Co-expression analysis identifies organ-specific gene regulatory networks responsive to phosphate limitation in hemp (Cannabis sativa L.)
摘要
Cannabis sativa L. is a compelling model species for studying how human selection has shaped plant traits through domestication. Cannabis hemp-type varieties are grown for fibre and seed, whereas drug-types are cultivated for high cannabinoid content in pharmaceutical and recreational use. These contrasting selection criteria have led to divergent physiological and morphological traits, providing a valuable model to investigate underlying molecular and physiological mechanisms. Cultivation of hemp on more marginal soils has favoured a greater capacity to acclimate to nutrient limitations, particularly phosphorus deficiency. However, the mechanisms underlying enhanced phosphorus acclimation in hemp remain poorly understood.

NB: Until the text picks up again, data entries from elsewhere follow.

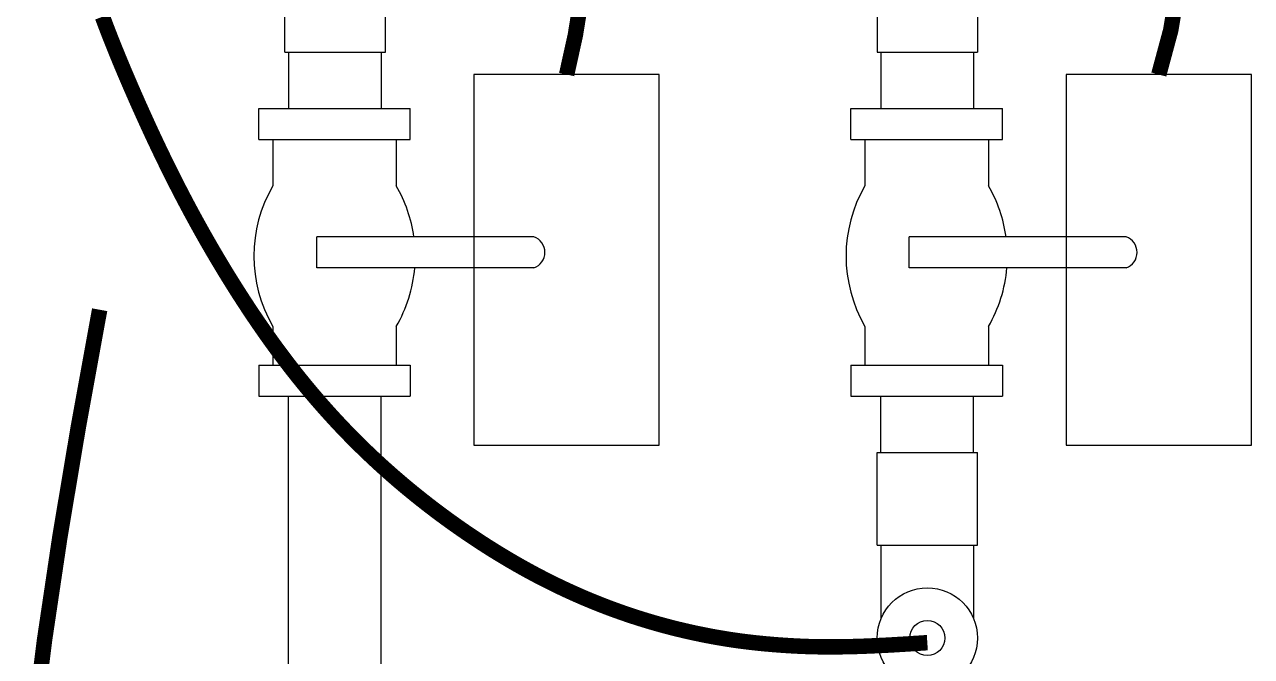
# Model space of a CAD drawing. Header units: inches. Extents: x -1574 to 492, y -294 to 234.
# Drawn here: x -740.2 to -730.27, y -186.37 to -181.26 of the extents above; entities that cross this region are included whole.
import ezdxf

# ---------------------------------------------------------------- set-up
doc = ezdxf.new("R2010")
doc.units = ezdxf.units.IN
doc.header["$MEASUREMENT"] = 0
doc.layers.add('EXTERIOR ELEC EQUIP', color=190, linetype='Continuous')
doc.layers.add('EXTERIOR PLUMB EQUIP', color=250, linetype='Continuous')

# ---------------------------------------------------------------- blocks, each defined once
blk = doc.blocks.new('TEE')
at = {"linetype": 'Continuous'}
for p, q in [((-0.2709, 0), (-0.2709, -0.5001)), ((-0.2709, 0), (0.2709, 0)), ((0.2709, 0), (0.2709, -0.5001)), ((-0.2709, -0.5001), (0.2709, -0.5001)), ((-0.5001, -0.7293), (-1.0002, -0.7293)), ((-1.0002, -0.7293), (-1.0002, -1.2711)), ((-0.5001, -0.7293), (-0.5001, -1.2711)), ((0.5001, -0.7293), (1.0002, -0.7293)), ((0.5001, -0.7293), (0.5001, -1.2711)), ((1.0002, -0.7293), (1.0002, -1.2711)), ((0.5001, -1.2503), (-0.5001, -1.2503)), ((-0.5001, -1.2711), (-1.0002, -1.2711)), ((0.5001, -1.2711), (1.0002, -1.2711))]:
    blk.add_line(p, q, dxfattribs=at)
for centre, start, end in [((-0.5001, -0.5001), 270, 0), ((0.5001, -0.5001), 180, 270)]:
    blk.add_arc(centre, 0.25, start, end, dxfattribs=at)
blk = doc.blocks.new('90ELL')
at = {"linetype": 'Continuous'}
for p, q in [((-0.2709, 0), (-0.2709, -0.5001)), ((-0.2709, 0), (0.2709, 0)), ((0.2709, 0), (0.2709, -0.5001)), ((-0.2709, -0.5001), (0.2709, -0.5001)), ((0.5001, -0.7293), (1.0002, -0.7293)), ((0.5001, -0.7293), (0.5001, -1.2711)), ((1.0002, -0.7293), (1.0002, -1.2711)), ((0.5001, -1.2711), (1.0002, -1.2711))]:
    blk.add_line(p, q, dxfattribs=at)
for radius in [0.7501, 0.25]:
    blk.add_arc((0.5001, -0.5001), radius, 180, 270, dxfattribs=at)
blk = doc.blocks.new('BVALVE')
for p, q in [((0.5991, 3.4911), (-0.6273, 3.4911)), ((-0.6273, 3.2411), (-0.6273, 3.4911)), ((0.5991, 3.2411), (0.5991, 3.4911)), ((0.5991, 3.2411), (-0.6273, 3.2411)), ((-0.5141, 2.9261), (-0.5141, 3.2411)), ((0.4859, 2.9261), (0.4859, 3.2411)), ((-1.6272, 2.4524), (0.1281, 2.4524)), ((0.1281, 2.4524), (0.1281, 2.2024)), ((-1.6272, 2.2024), (0.1281, 2.2024)), ((-0.5141, 1.4136), (-0.5141, 1.7882)), ((0.4859, 1.4136), (0.4859, 1.7882)), ((-0.6273, 1.4136), (-0.6273, 1.1636)), ((0.5991, 1.4136), (-0.6273, 1.4136)), ((0.5991, 1.4136), (0.5991, 1.1636)), ((0.5991, 1.1636), (-0.6273, 1.1636))]:
    blk.add_line(p, q)
for centre, radius, start, end in [((0.4675, 2.3572), 1.1345, 149.90292, 175.18639), ((-0.4957, 2.3572), 1.1345, 329.90292, 30.09708), ((-1.585, 2.3274), 0.1319, 108.64084, 251.35916), ((0.4675, 2.3572), 1.1345, 187.84186, 210.09708)]:
    blk.add_arc(centre, radius, start, end)

msp = doc.modelspace()

# ---------------------------------------------------------------- linework, layer by layer
at = {"layer": 'EXTERIOR ELEC EQUIP', "const_width": 0.125}
for points in [[(-731.02067, -181.66368), (-730.92429, -181.3066), (-730.86948, -180.98176)], [(-735.81316, -181.66368), (-735.74278, -181.34623), (-735.69799, -181.06894)], [(-740.13795, -187.0338), (-740.03897, -186.24247), (-739.91413, -185.40405), (-739.76481, -184.51381), (-739.5924, -183.56707)]]:
    msp.add_lwpolyline(points, dxfattribs=at)
at = {"layer": 'EXTERIOR ELEC EQUIP', "color": 60, "const_width": 0.125}
msp.add_lwpolyline([(-732.89393, -186.26109), (-732.97048, -186.26618), (-733.03664, -186.27046), (-733.09364, -186.27403), (-733.14268, -186.27699), (-733.18498, -186.27942), (-733.22176, -186.28143), (-733.25423, -186.28311), (-733.28361, -186.28455), (-733.31093, -186.28584), (-733.33657, -186.287), (-733.36071, -186.28803), (-733.38354, -186.28896), (-733.40527, -186.2898), (-733.42608, -186.29054), (-733.44616, -186.29121), (-733.46571, -186.29182), (-733.48489, -186.29237), (-733.50374, -186.29287), (-733.52226, -186.29332), (-733.54046, -186.29372), (-733.55834, -186.29407), (-733.57592, -186.29437), (-733.5932, -186.29463), (-733.61018, -186.29484), (-733.62688, -186.29501), (-733.64329, -186.29513), (-733.65943, -186.29521), (-733.6753, -186.29524), (-733.69091, -186.29524), (-733.70626, -186.2952), (-733.72136, -186.29512), (-733.73622, -186.295), (-733.75084, -186.29485), (-733.76524, -186.29466), (-733.7794, -186.29444), (-733.79336, -186.29418), (-733.8071, -186.29389), (-733.82063, -186.29358), (-733.83397, -186.29323), (-733.84712, -186.29285), (-733.86008, -186.29244), (-733.87287, -186.29201), (-733.88548, -186.29155), (-733.89793, -186.29107), (-733.91022, -186.29056), (-733.92235, -186.29003), (-733.93434, -186.28948), (-733.94619, -186.28891), (-733.95791, -186.28832), (-733.96949, -186.28771), (-733.98096, -186.28708), (-733.99231, -186.28644), (-734.00355, -186.28578), (-734.01468, -186.2851), (-734.02571, -186.28442), (-734.03665, -186.28371), (-734.0475, -186.283), (-734.05826, -186.28227), (-734.06894, -186.28153), (-734.07953, -186.28078), (-734.09005, -186.28002), (-734.10048, -186.27924), (-734.11084, -186.27845), (-734.12112, -186.27766), (-734.13133, -186.27685), (-734.14147, -186.27603), (-734.15154, -186.2752), (-734.16154, -186.27435), (-734.17147, -186.2735), (-734.18133, -186.27264), (-734.19113, -186.27176), (-734.20086, -186.27088), (-734.21052, -186.26998), (-734.22013, -186.26907), (-734.22967, -186.26815), (-734.23915, -186.26722), (-734.24857, -186.26628), (-734.25794, -186.26533), (-734.26724, -186.26436), (-734.27649, -186.26339), (-734.28569, -186.2624), (-734.29483, -186.2614), (-734.30391, -186.2604), (-734.31295, -186.25938), (-734.32194, -186.25835), (-734.33087, -186.25731), (-734.33976, -186.25625), (-734.3486, -186.25519), (-734.35739, -186.25412), (-734.36614, -186.25303), (-734.37484, -186.25194), (-734.3835, -186.25083), (-734.39212, -186.24971), (-734.4007, -186.24858), (-734.40924, -186.24744), (-734.41774, -186.24629), (-734.4262, -186.24512), (-734.43463, -186.24395), (-734.44302, -186.24277), (-734.45138, -186.24157), (-734.4597, -186.24036), (-734.46799, -186.23915), (-734.47625, -186.23792), (-734.48448, -186.23668), (-734.49269, -186.23543), (-734.50086, -186.23416), (-734.50901, -186.23289), (-734.51714, -186.23161), (-734.52524, -186.23031), (-734.53331, -186.22901), (-734.54137, -186.22769), (-734.5494, -186.22636), (-734.55741, -186.22502), (-734.56541, -186.22367), (-734.57339, -186.22231), (-734.58135, -186.22094), (-734.58929, -186.21956), (-734.59722, -186.21816), (-734.60513, -186.21676), (-734.61304, -186.21534), (-734.62092, -186.21391), (-734.6288, -186.21247), (-734.63667, -186.21103), (-734.64452, -186.20957), (-734.65236, -186.20809), (-734.66019, -186.20661), (-734.66801, -186.20512), (-734.67582, -186.20362), (-734.68362, -186.2021), (-734.6914, -186.20058), (-734.69918, -186.19904), (-734.70694, -186.1975), (-734.7147, -186.19594), (-734.72244, -186.19437), (-734.73017, -186.19279), (-734.73789, -186.19121), (-734.74561, -186.18961), (-734.75331, -186.188), (-734.761, -186.18638), (-734.76867, -186.18475), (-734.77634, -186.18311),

ResultsUsing Weighted Gene Co-expression Network Analysis (WGCNA) of RNA-seq data from multiple organs of hemp-type Cannabis grown under contrasting phosphate supplies, we performed a global transcriptome analysis to capture organ-specific and phosphate-responsive gene expression dynamics. This analysis identified twelve co-expression modules capturing coordinated gene expression across organs and phosphate conditions, reflecting processes related to organ function (e.g. root development, fibre production, and flower development) and metabolism (including photosynthesis, nutrient transport, and lipid remodelling), as well as their relationships to physiological traits. Two modules, representing leaf- and root-specific responses, were strongly associated with plant phosphorus status, and cross-comparison with genes under selection during Cannabis domestication showed significant overlap with these modules. Gene regulatory network analysis revealed how gene expression supports prioritisation of resource allocation towards reproductive organs, with the Cannabis homolog of SPX DOMAIN GENE3 (SPX3) identified as a central hub in leaf tissues coordinating the shoot phosphate starvation response. In the root-specific module, root system architecture remodelling was mediated by transcription factors including SCARECROW-LIKE (SCL) family members and a homolog of the C2H2-type transcription factor SENSITIVE TO PROTON RHIZOTOXICITY (STOP). Strigolactones emerged as key hormonal regulators of the root-specific PSR, highlighting their role in phosphate deficiency tolerance in hemp.
ConclusionThese findings provide an integrated, organ-specific view of gene networks underlying the phosphate starvation response in hemp and reveal distinct features of nutrient adaptation following domestication. They identify targets for improving nutrient use efficiency in hemp and support comparative studies across Cannabis germplasm.